The Gift analogy in this book makes clear that the Father is the “principium” or cause of the Holy Spirit, and the Spirit is the Son’s gift because of the temporal procession (i.e. the Son goes to the right hand of the Father after the ascension and sends the Spirit to the Apostles). The fact that Augustine immediately makes a reference to the temporal procession of the Spirit shows that “and the Son” in this specific context is a reference to the temporal procession and not eternal causation. Paragraphs 31 through 34 of Book XV likewise list several different examples of the temporal procession, which strengthens the interpretation just given.
What follows later in Book XV are perhaps the most seriously misapprehended passages of Augustine’s books. If we apply what he have learned from the previous 14 books, they should not pose us any challenges.
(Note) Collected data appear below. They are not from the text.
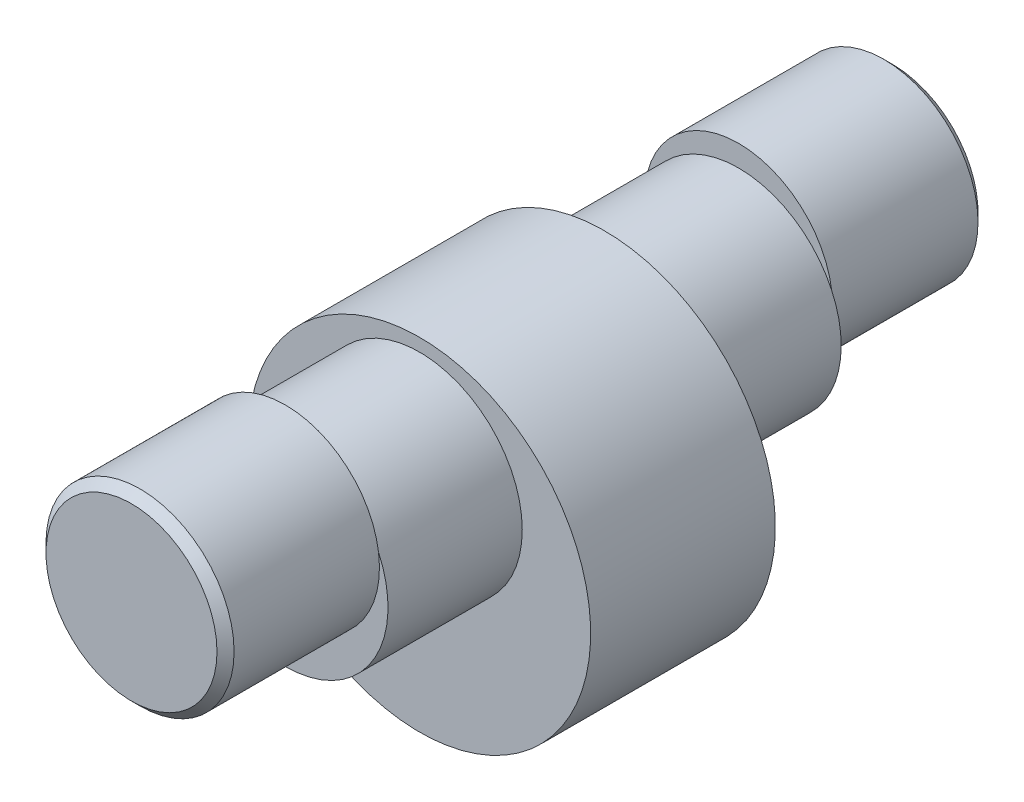
ISO-10303-21;
HEADER;
FILE_DESCRIPTION(('STEP AP214'),'2;1');
FILE_NAME('part.step','',(''),(''),'','','');
FILE_SCHEMA(('AUTOMOTIVE_DESIGN { 1 0 10303 214 1 1 1 1 }'));
ENDSEC;
DATA;
#1=APPLICATION_CONTEXT('core data for automotive mechanical design processes');
#2=APPLICATION_PROTOCOL_DEFINITION('international standard','automotive_design',2000,#1);
#3=PRODUCT_CONTEXT('',#1,'mechanical');
#4=PRODUCT('Part','Part','',(#3));
#5=PRODUCT_RELATED_PRODUCT_CATEGORY('part','',(#4));
#6=PRODUCT_DEFINITION_FORMATION('','',#4);
#7=PRODUCT_DEFINITION_CONTEXT('part definition',#1,'design');
#8=PRODUCT_DEFINITION('design','',#6,#7);
#9=PRODUCT_DEFINITION_SHAPE('','',#8);
#10=(LENGTH_UNIT() NAMED_UNIT(*) SI_UNIT(.MILLI.,.METRE.));
#11=(NAMED_UNIT(*) PLANE_ANGLE_UNIT() SI_UNIT($,.RADIAN.));
#12=(NAMED_UNIT(*) SI_UNIT($,.STERADIAN.) SOLID_ANGLE_UNIT());
#13=UNCERTAINTY_MEASURE_WITH_UNIT(LENGTH_MEASURE(1.E-05),#10,'distance_accuracy_value','');
#14=(GEOMETRIC_REPRESENTATION_CONTEXT(3) GLOBAL_UNCERTAINTY_ASSIGNED_CONTEXT((#13)) GLOBAL_UNIT_ASSIGNED_CONTEXT((#10,
#11,#12)) REPRESENTATION_CONTEXT('',''));
#15=CARTESIAN_POINT('',(0.,0.,0.));
#16=DIRECTION('',(0.,0.,1.));
#17=DIRECTION('',(1.,0.,0.));
#18=AXIS2_PLACEMENT_3D('',#15,#16,#17);
#19=CARTESIAN_POINT('',(0.,6.5,-26.5));
#20=DIRECTION('',(0.,0.,-1.));
#21=DIRECTION('',(1.,0.,0.));
#22=AXIS2_PLACEMENT_3D('',#19,#20,#21);
#23=PLANE('',#22);
#24=CARTESIAN_POINT('',(0.,6.5,-26.5));
#25=DIRECTION('',(0.,0.,1.));
#26=DIRECTION('',(1.,0.,0.));
#27=AXIS2_PLACEMENT_3D('',#24,#25,#26);
#28=CIRCLE('',#27,12.);
#29=CARTESIAN_POINT('',(-10.8922716470281,11.5357142857143,-26.5));
#30=VERTEX_POINT('',#29);
#31=CARTESIAN_POINT('',(10.8922716470281,11.5357142857143,-26.5));
#32=VERTEX_POINT('',#31);
#33=EDGE_CURVE('E71',#30,#32,#28,.T.);
#34=ORIENTED_EDGE('',*,*,#33,.F.);
#35=CARTESIAN_POINT('',(0.,10.,-26.5));
#36=DIRECTION('',(0.,0.,1.));
#37=DIRECTION('',(1.,0.,0.));
#38=AXIS2_PLACEMENT_3D('',#35,#36,#37);
#39=CIRCLE('',#38,11.);
#40=EDGE_CURVE('E59',#30,#32,#39,.T.);
#41=ORIENTED_EDGE('',*,*,#40,.T.);
#42=EDGE_LOOP('',(#34,#41));
#43=FACE_BOUND('',#42,.T.);
#44=ADVANCED_FACE('F31',(#43),#23,.T.);
#45=CARTESIAN_POINT('',(0.,0.,10.8));
#46=DIRECTION('',(0.,0.,1.));
#47=DIRECTION('',(1.,0.,0.));
#48=AXIS2_PLACEMENT_3D('',#45,#46,#47);
#49=PLANE('',#48);
#50=CARTESIAN_POINT('',(0.,0.,10.8));
#51=DIRECTION('',(0.,0.,1.));
#52=DIRECTION('',(1.,0.,0.));
#53=AXIS2_PLACEMENT_3D('',#50,#51,#52);
#54=CIRCLE('',#53,20.);
#55=CARTESIAN_POINT('',(-20.,0.,10.8));
#56=VERTEX_POINT('',#55);
#57=EDGE_CURVE('E90',#56,#56,#54,.T.);
#58=ORIENTED_EDGE('',*,*,#57,.T.);
#59=EDGE_LOOP('',(#58));
#60=FACE_BOUND('',#59,.T.);
#61=CARTESIAN_POINT('',(0.,6.5,10.8));
#62=DIRECTION('',(0.,0.,1.));
#63=DIRECTION('',(1.,0.,0.));
#64=AXIS2_PLACEMENT_3D('',#61,#62,#63);
#65=CIRCLE('',#64,12.);
#66=CARTESIAN_POINT('',(12.,6.5,10.8));
#67=VERTEX_POINT('',#66);
#68=EDGE_CURVE('E78',#67,#67,#65,.T.);
#69=ORIENTED_EDGE('',*,*,#68,.F.);
#70=EDGE_LOOP('',(#69));
#71=FACE_BOUND('',#70,.T.);
#72=ADVANCED_FACE('F112',(#60,#71),#49,.T.);
#73=CARTESIAN_POINT('',(0.,0.,10.8));
#74=DIRECTION('',(0.,0.,-1.));
#75=DIRECTION('',(-1.,0.,0.));
#76=AXIS2_PLACEMENT_3D('',#73,#74,#75);
#77=CYLINDRICAL_SURFACE('',#76,20.);
#78=CARTESIAN_POINT('',(0.,0.,-10.8));
#79=DIRECTION('',(0.,0.,1.));
#80=DIRECTION('',(1.,0.,0.));
#81=AXIS2_PLACEMENT_3D('',#78,#79,#80);
#82=CIRCLE('',#81,20.);
#83=CARTESIAN_POINT('',(-20.,0.,-10.8));
#84=VERTEX_POINT('',#83);
#85=EDGE_CURVE('E86',#84,#84,#82,.T.);
#86=CARTESIAN_POINT('',(-20.,0.,10.8));
#87=CARTESIAN_POINT('',(-20.,0.,10.575));
#88=CARTESIAN_POINT('',(-20.,0.,10.35));
#89=CARTESIAN_POINT('',(-20.,0.,9.9));
#90=CARTESIAN_POINT('',(-20.,0.,9.675));
#91=CARTESIAN_POINT('',(-20.,0.,9.225));
#92=CARTESIAN_POINT('',(-20.,0.,9.));
#93=CARTESIAN_POINT('',(-20.,0.,8.55));
#94=CARTESIAN_POINT('',(-20.,0.,8.325));
#95=CARTESIAN_POINT('',(-20.,0.,7.875));
#96=CARTESIAN_POINT('',(-20.,0.,7.65));
#97=CARTESIAN_POINT('',(-20.,0.,7.2));
#98=CARTESIAN_POINT('',(-20.,0.,6.975));
#99=CARTESIAN_POINT('',(-20.,0.,6.525));
#100=CARTESIAN_POINT('',(-20.,0.,6.3));
#101=CARTESIAN_POINT('',(-20.,0.,5.85));
#102=CARTESIAN_POINT('',(-20.,0.,5.625));
#103=CARTESIAN_POINT('',(-20.,0.,5.175));
#104=CARTESIAN_POINT('',(-20.,0.,4.95));
#105=CARTESIAN_POINT('',(-20.,0.,4.5));
#106=CARTESIAN_POINT('',(-20.,0.,4.275));
#107=CARTESIAN_POINT('',(-20.,0.,3.825));
#108=CARTESIAN_POINT('',(-20.,0.,3.6));
#109=CARTESIAN_POINT('',(-20.,0.,3.15));
#110=CARTESIAN_POINT('',(-20.,0.,2.925));
#111=CARTESIAN_POINT('',(-20.,0.,2.475));
#112=CARTESIAN_POINT('',(-20.,0.,2.25));
#113=CARTESIAN_POINT('',(-20.,0.,1.8));
#114=CARTESIAN_POINT('',(-20.,0.,1.575));
#115=CARTESIAN_POINT('',(-20.,0.,1.125));
#116=CARTESIAN_POINT('',(-20.,0.,0.899999999999997));
#117=CARTESIAN_POINT('',(-20.,0.,0.449999999999997));
#118=CARTESIAN_POINT('',(-20.,0.,0.224999999999997));
#119=CARTESIAN_POINT('',(-20.,0.,-0.225000000000004));
#120=CARTESIAN_POINT('',(-20.,0.,-0.450000000000004));
#121=CARTESIAN_POINT('',(-20.,0.,-0.900000000000004));
#122=CARTESIAN_POINT('',(-20.,0.,-1.125));
#123=CARTESIAN_POINT('',(-20.,0.,-1.575));
#124=CARTESIAN_POINT('',(-20.,0.,-1.8));
#125=CARTESIAN_POINT('',(-20.,0.,-2.25));
#126=CARTESIAN_POINT('',(-20.,0.,-2.475));
#127=CARTESIAN_POINT('',(-20.,0.,-2.925));
#128=CARTESIAN_POINT('',(-20.,0.,-3.15));
#129=CARTESIAN_POINT('',(-20.,0.,-3.6));
#130=CARTESIAN_POINT('',(-20.,0.,-3.82500000000001));
#131=CARTESIAN_POINT('',(-20.,0.,-4.27500000000001));
#132=CARTESIAN_POINT('',(-20.,0.,-4.5));
#133=CARTESIAN_POINT('',(-20.,0.,-4.95));
#134=CARTESIAN_POINT('',(-20.,0.,-5.175));
#135=CARTESIAN_POINT('',(-20.,0.,-5.625));
#136=CARTESIAN_POINT('',(-20.,0.,-5.85));
#137=CARTESIAN_POINT('',(-20.,0.,-6.3));
#138=CARTESIAN_POINT('',(-20.,0.,-6.525));
#139=CARTESIAN_POINT('',(-20.,0.,-6.975));
#140=CARTESIAN_POINT('',(-20.,0.,-7.2));
#141=CARTESIAN_POINT('',(-20.,0.,-7.65));
#142=CARTESIAN_POINT('',(-20.,0.,-7.875));
#143=CARTESIAN_POINT('',(-20.,0.,-8.325));
#144=CARTESIAN_POINT('',(-20.,0.,-8.55));
#145=CARTESIAN_POINT('',(-20.,0.,-9.00000000000001));
#146=CARTESIAN_POINT('',(-20.,0.,-9.225));
#147=CARTESIAN_POINT('',(-20.,0.,-9.675));
#148=CARTESIAN_POINT('',(-20.,0.,-9.9));
#149=CARTESIAN_POINT('',(-20.,0.,-10.35));
#150=CARTESIAN_POINT('',(-20.,0.,-10.575));
#151=CARTESIAN_POINT('',(-20.,0.,-10.8));
#152=B_SPLINE_CURVE_WITH_KNOTS('',3,(#86,#87,#88,#89,#90,#91,#92,#93,#94,#95,#96,#97,#98,#99,
#100,#101,#102,#103,#104,#105,#106,#107,#108,#109,#110,#111,#112,#113,#114,#115,#116,#117,#118,
#119,#120,#121,#122,#123,#124,#125,#126,#127,#128,#129,#130,#131,#132,#133,#134,#135,#136,#137,
#138,#139,#140,#141,#142,#143,#144,#145,#146,#147,#148,#149,#150,#151),.UNSPECIFIED.,.F.,.F.,(4,
2,2,2,2,2,2,2,2,2,2,2,2,2,2,2,2,2,2,2,2,2,2,2,2,2,2,2,2,2,2,2,4),(0.,0.674999999999998,1.35,
2.025,2.7,3.375,4.05,4.725,5.4,6.075,6.75,7.425,8.1,8.775,9.45,10.125,10.8,11.475,12.15,12.825,
13.5,14.175,14.85,15.525,16.2,16.875,17.55,18.225,18.9,19.575,20.25,20.925,21.6),.UNSPECIFIED.);
#153=EDGE_CURVE('BSEAM117',#56,#84,#152,.T.);
#154=ORIENTED_EDGE('',*,*,#57,.F.);
#155=ORIENTED_EDGE('',*,*,#85,.T.);
#156=ORIENTED_EDGE('',*,*,#153,.T.);
#157=ORIENTED_EDGE('',*,*,#153,.F.);
#158=EDGE_LOOP('',(#154,#156,#155,#157));
#159=FACE_BOUND('',#158,.T.);
#160=ADVANCED_FACE('F117',(#159),#77,.T.);
#161=CARTESIAN_POINT('',(0.,0.,-10.8));
#162=DIRECTION('',(0.,0.,1.));
#163=DIRECTION('',(1.,0.,0.));
#164=AXIS2_PLACEMENT_3D('',#161,#162,#163);
#165=PLANE('',#164);
#166=CARTESIAN_POINT('',(0.,6.5,-10.8));
#167=DIRECTION('',(0.,0.,1.));
#168=DIRECTION('',(1.,0.,0.));
#169=AXIS2_PLACEMENT_3D('',#166,#167,#168);
#170=CIRCLE('',#169,12.);
#171=CARTESIAN_POINT('',(12.,6.5,-10.8));
#172=VERTEX_POINT('',#171);
#173=EDGE_CURVE('E70',#172,#172,#170,.T.);
#174=ORIENTED_EDGE('',*,*,#173,.T.);
#175=EDGE_LOOP('',(#174));
#176=FACE_BOUND('',#175,.T.);
#177=ORIENTED_EDGE('',*,*,#85,.F.);
#178=EDGE_LOOP('',(#177));
#179=FACE_BOUND('',#178,.T.);
#180=ADVANCED_FACE('F142',(#176,#179),#165,.F.);
#181=CARTESIAN_POINT('',(0.,6.5,26.5));
#182=DIRECTION('',(0.,0.,-1.));
#183=DIRECTION('',(-1.,0.,0.));
#184=AXIS2_PLACEMENT_3D('',#181,#182,#183);
#185=CYLINDRICAL_SURFACE('',#184,12.);
#186=CARTESIAN_POINT('',(0.,6.5,26.5));
#187=DIRECTION('',(0.,0.,1.));
#188=DIRECTION('',(1.,0.,0.));
#189=AXIS2_PLACEMENT_3D('',#186,#187,#188);
#190=CIRCLE('',#189,12.);
#191=CARTESIAN_POINT('',(10.8922716470281,11.5357142857143,26.5));
#192=VERTEX_POINT('',#191);
#193=CARTESIAN_POINT('',(-10.8922716470281,11.5357142857143,26.5));
#194=VERTEX_POINT('',#193);
#195=EDGE_CURVE('E83',#192,#194,#190,.T.);
#196=ORIENTED_EDGE('',*,*,#195,.F.);
#197=EDGE_CURVE('E87',#194,#192,#190,.T.);
#198=ORIENTED_EDGE('',*,*,#197,.F.);
#199=EDGE_LOOP('',(#196,#198));
#200=FACE_BOUND('',#199,.T.);
#201=ORIENTED_EDGE('',*,*,#68,.T.);
#202=EDGE_LOOP('',(#201));
#203=FACE_BOUND('',#202,.T.);
#204=ADVANCED_FACE('F140',(#200,#203),#185,.T.);
#205=CARTESIAN_POINT('',(0.,6.5,26.5));
#206=DIRECTION('',(0.,0.,1.));
#207=DIRECTION('',(1.,0.,0.));
#208=AXIS2_PLACEMENT_3D('',#205,#206,#207);
#209=PLANE('',#208);
#210=CARTESIAN_POINT('',(0.,10.,26.5));
#211=DIRECTION('',(0.,0.,1.));
#212=DIRECTION('',(1.,0.,0.));
#213=AXIS2_PLACEMENT_3D('',#210,#211,#212);
#214=CIRCLE('',#213,11.);
#215=EDGE_CURVE('E52',#194,#192,#214,.T.);
#216=ORIENTED_EDGE('',*,*,#215,.F.);
#217=ORIENTED_EDGE('',*,*,#197,.T.);
#218=EDGE_LOOP('',(#216,#217));
#219=FACE_BOUND('',#218,.T.);
#220=ADVANCED_FACE('F133',(#219),#209,.T.);
#221=CARTESIAN_POINT('',(0.,10.,26.5));
#222=DIRECTION('',(0.,0.,1.));
#223=DIRECTION('',(1.,0.,0.));
#224=AXIS2_PLACEMENT_3D('',#221,#222,#223);
#225=PLANE('',#224);
#226=EDGE_CURVE('E76',#192,#194,#214,.T.);
#227=ORIENTED_EDGE('',*,*,#226,.F.);
#228=ORIENTED_EDGE('',*,*,#195,.T.);
#229=EDGE_LOOP('',(#227,#228));
#230=FACE_BOUND('',#229,.T.);
#231=ADVANCED_FACE('F130',(#230),#225,.F.);
#232=CARTESIAN_POINT('',(0.,10.,44.5));
#233=DIRECTION('',(0.,0.,-1.));
#234=DIRECTION('',(-1.,0.,0.));
#235=AXIS2_PLACEMENT_3D('',#232,#233,#234);
#236=CYLINDRICAL_SURFACE('',#235,11.);
#237=CARTESIAN_POINT('',(0.,10.,43.5));
#238=DIRECTION('',(0.,0.,1.));
#239=DIRECTION('',(1.,0.,0.));
#240=AXIS2_PLACEMENT_3D('',#237,#238,#239);
#241=CIRCLE('',#240,11.);
#242=CARTESIAN_POINT('',(11.,10.,43.5));
#243=VERTEX_POINT('',#242);
#244=EDGE_CURVE('E64',#243,#243,#241,.F.);
#245=ORIENTED_EDGE('',*,*,#244,.T.);
#246=EDGE_LOOP('',(#245));
#247=FACE_BOUND('',#246,.T.);
#248=ORIENTED_EDGE('',*,*,#226,.T.);
#249=ORIENTED_EDGE('',*,*,#215,.T.);
#250=EDGE_LOOP('',(#248,#249));
#251=FACE_BOUND('',#250,.T.);
#252=ADVANCED_FACE('F128',(#247,#251),#236,.T.);
#253=CARTESIAN_POINT('',(0.,10.,44.5));
#254=DIRECTION('',(0.,0.,1.));
#255=DIRECTION('',(1.,0.,0.));
#256=AXIS2_PLACEMENT_3D('',#253,#254,#255);
#257=PLANE('',#256);
#258=CARTESIAN_POINT('',(0.,10.,44.5));
#259=DIRECTION('',(0.,0.,1.));
#260=DIRECTION('',(1.,0.,0.));
#261=AXIS2_PLACEMENT_3D('',#258,#259,#260);
#262=CIRCLE('',#261,10.);
#263=CARTESIAN_POINT('',(10.,10.,44.5));
#264=VERTEX_POINT('',#263);
#265=EDGE_CURVE('E95',#264,#264,#262,.T.);
#266=ORIENTED_EDGE('',*,*,#265,.T.);
#267=EDGE_LOOP('',(#266));
#268=FACE_BOUND('',#267,.T.);
#269=ADVANCED_FACE('F125',(#268),#257,.T.);
#270=CARTESIAN_POINT('',(0.,10.,44.5));
#271=DIRECTION('',(0.,0.,-1.));
#272=DIRECTION('',(-1.,0.,0.));
#273=AXIS2_PLACEMENT_3D('',#270,#271,#272);
#274=CONICAL_SURFACE('',#273,10.,0.785398163397447);
#275=ORIENTED_EDGE('',*,*,#244,.F.);
#276=EDGE_LOOP('',(#275));
#277=FACE_BOUND('',#276,.T.);
#278=ORIENTED_EDGE('',*,*,#265,.F.);
#279=EDGE_LOOP('',(#278));
#280=FACE_BOUND('',#279,.T.);
#281=ADVANCED_FACE('F124',(#277,#280),#274,.T.);
#282=CARTESIAN_POINT('',(0.,6.5,-26.5));
#283=DIRECTION('',(0.,0.,1.));
#284=DIRECTION('',(1.,0.,0.));
#285=AXIS2_PLACEMENT_3D('',#282,#283,#284);
#286=CYLINDRICAL_SURFACE('',#285,12.);
#287=EDGE_CURVE('E69',#32,#30,#28,.T.);
#288=ORIENTED_EDGE('',*,*,#287,.T.);
#289=ORIENTED_EDGE('',*,*,#33,.T.);
#290=EDGE_LOOP('',(#288,#289));
#291=FACE_BOUND('',#290,.T.);
#292=ORIENTED_EDGE('',*,*,#173,.F.);
#293=EDGE_LOOP('',(#292));
#294=FACE_BOUND('',#293,.T.);
#295=ADVANCED_FACE('F74',(#291,#294),#286,.T.);
#296=CARTESIAN_POINT('',(0.,10.,-44.5));
#297=DIRECTION('',(0.,0.,1.));
#298=DIRECTION('',(1.,0.,0.));
#299=AXIS2_PLACEMENT_3D('',#296,#297,#298);
#300=CYLINDRICAL_SURFACE('',#299,11.);
#301=CARTESIAN_POINT('',(0.,10.,-43.5));
#302=DIRECTION('',(0.,0.,-1.));
#303=DIRECTION('',(-1.,0.,0.));
#304=AXIS2_PLACEMENT_3D('',#301,#302,#303);
#305=CIRCLE('',#304,11.);
#306=CARTESIAN_POINT('',(-11.,10.,-43.5));
#307=VERTEX_POINT('',#306);
#308=EDGE_CURVE('E39',#307,#307,#305,.F.);
#309=ORIENTED_EDGE('',*,*,#308,.T.);
#310=EDGE_LOOP('',(#309));
#311=FACE_BOUND('',#310,.T.);
#312=EDGE_CURVE('E45',#32,#30,#39,.T.);
#313=ORIENTED_EDGE('',*,*,#312,.F.);
#314=ORIENTED_EDGE('',*,*,#40,.F.);
#315=EDGE_LOOP('',(#313,#314));
#316=FACE_BOUND('',#315,.T.);
#317=ADVANCED_FACE('F60',(#311,#316),#300,.T.);
#318=CARTESIAN_POINT('',(0.,10.,-44.5));
#319=DIRECTION('',(0.,0.,-1.));
#320=DIRECTION('',(1.,0.,0.));
#321=AXIS2_PLACEMENT_3D('',#318,#319,#320);
#322=PLANE('',#321);
#323=CARTESIAN_POINT('',(0.,10.,-44.5));
#324=DIRECTION('',(0.,0.,-1.));
#325=DIRECTION('',(-1.,0.,0.));
#326=AXIS2_PLACEMENT_3D('',#323,#324,#325);
#327=CIRCLE('',#326,9.99999999999999);
#328=CARTESIAN_POINT('',(-9.99999999999999,10.,-44.5));
#329=VERTEX_POINT('',#328);
#330=EDGE_CURVE('E11',#329,#329,#327,.T.);
#331=ORIENTED_EDGE('',*,*,#330,.T.);
#332=EDGE_LOOP('',(#331));
#333=FACE_BOUND('',#332,.T.);
#334=ADVANCED_FACE('F108',(#333),#322,.T.);
#335=CARTESIAN_POINT('',(0.,10.,-26.5));
#336=DIRECTION('',(0.,0.,-1.));
#337=DIRECTION('',(1.,0.,0.));
#338=AXIS2_PLACEMENT_3D('',#335,#336,#337);
#339=PLANE('',#338);
#340=ORIENTED_EDGE('',*,*,#287,.F.);
#341=ORIENTED_EDGE('',*,*,#312,.T.);
#342=EDGE_LOOP('',(#340,#341));
#343=FACE_BOUND('',#342,.T.);
#344=ADVANCED_FACE('F67',(#343),#339,.F.);
#345=CARTESIAN_POINT('',(0.,10.,-43.5));
#346=DIRECTION('',(0.,0.,1.));
#347=DIRECTION('',(1.,0.,0.));
#348=AXIS2_PLACEMENT_3D('',#345,#346,#347);
#349=CONICAL_SURFACE('',#348,11.,0.785398163397443);
#350=ORIENTED_EDGE('',*,*,#330,.F.);
#351=EDGE_LOOP('',(#350));
#352=FACE_BOUND('',#351,.T.);
#353=ORIENTED_EDGE('',*,*,#308,.F.);
#354=EDGE_LOOP('',(#353));
#355=FACE_BOUND('',#354,.T.);
#356=ADVANCED_FACE('F33',(#352,#355),#349,.T.);
#357=CLOSED_SHELL('',(#44,#72,#160,#180,#204,#220,#231,#252,#269,#281,#295,#317,#334,#344,#356));
#358=MANIFOLD_SOLID_BREP('B2',#357);
#359=ADVANCED_BREP_SHAPE_REPRESENTATION('',(#18,#358),#14);
#360=SHAPE_DEFINITION_REPRESENTATION(#9,#359);
ENDSEC;
END-ISO-10303-21;

Let’s read a couple “Filioquist” passages:
[I]n that Highest Trinity which is God, there are no intervals of time, by which it could be shown, or at least inquired, whether the Son was born of the Father first and then afterwards the Holy Spirit proceeded from both; since Holy Scripture calls Him the Spirit of both. For it is He of whom the apostle says, “But because you are sons, God has sent forth the Spirit of His Son into your hearts”: and it is He of whom the same Son says, “For it is not ye who speak, but the Spirit of your Father who speaks in you.” And it is proved by many other testimonies of the Divine Word, that the Spirit, who is specially called in the Trinity the Holy Spirit, is of the Father and of the Son of whom likewise the Son Himself says [Note: Discussion of temporal procession follows], “Whom I will send unto you from the Father; and in another place, Whom the Father will send in my name.” And we are so taught that He proceeds from both, because the Son Himself says, He proceeds from the Father. And when He had risen from the dead, and had appeared to His disciples, “He breathed upon them, and said, Receive the Holy Ghost,” so as to show that He proceeded also from Himself. (Par 45)
But the reason why, after His resurrection, He both gave the Holy Spirit, first on earth, and afterwards sent Him from heaven, is in my judgment this: “that love is shed abroad in our hearts,” by that Gift itself, whereby we love God and our neighbors…How, therefore, is He not God, who gives the Holy Spirit? (Par 46)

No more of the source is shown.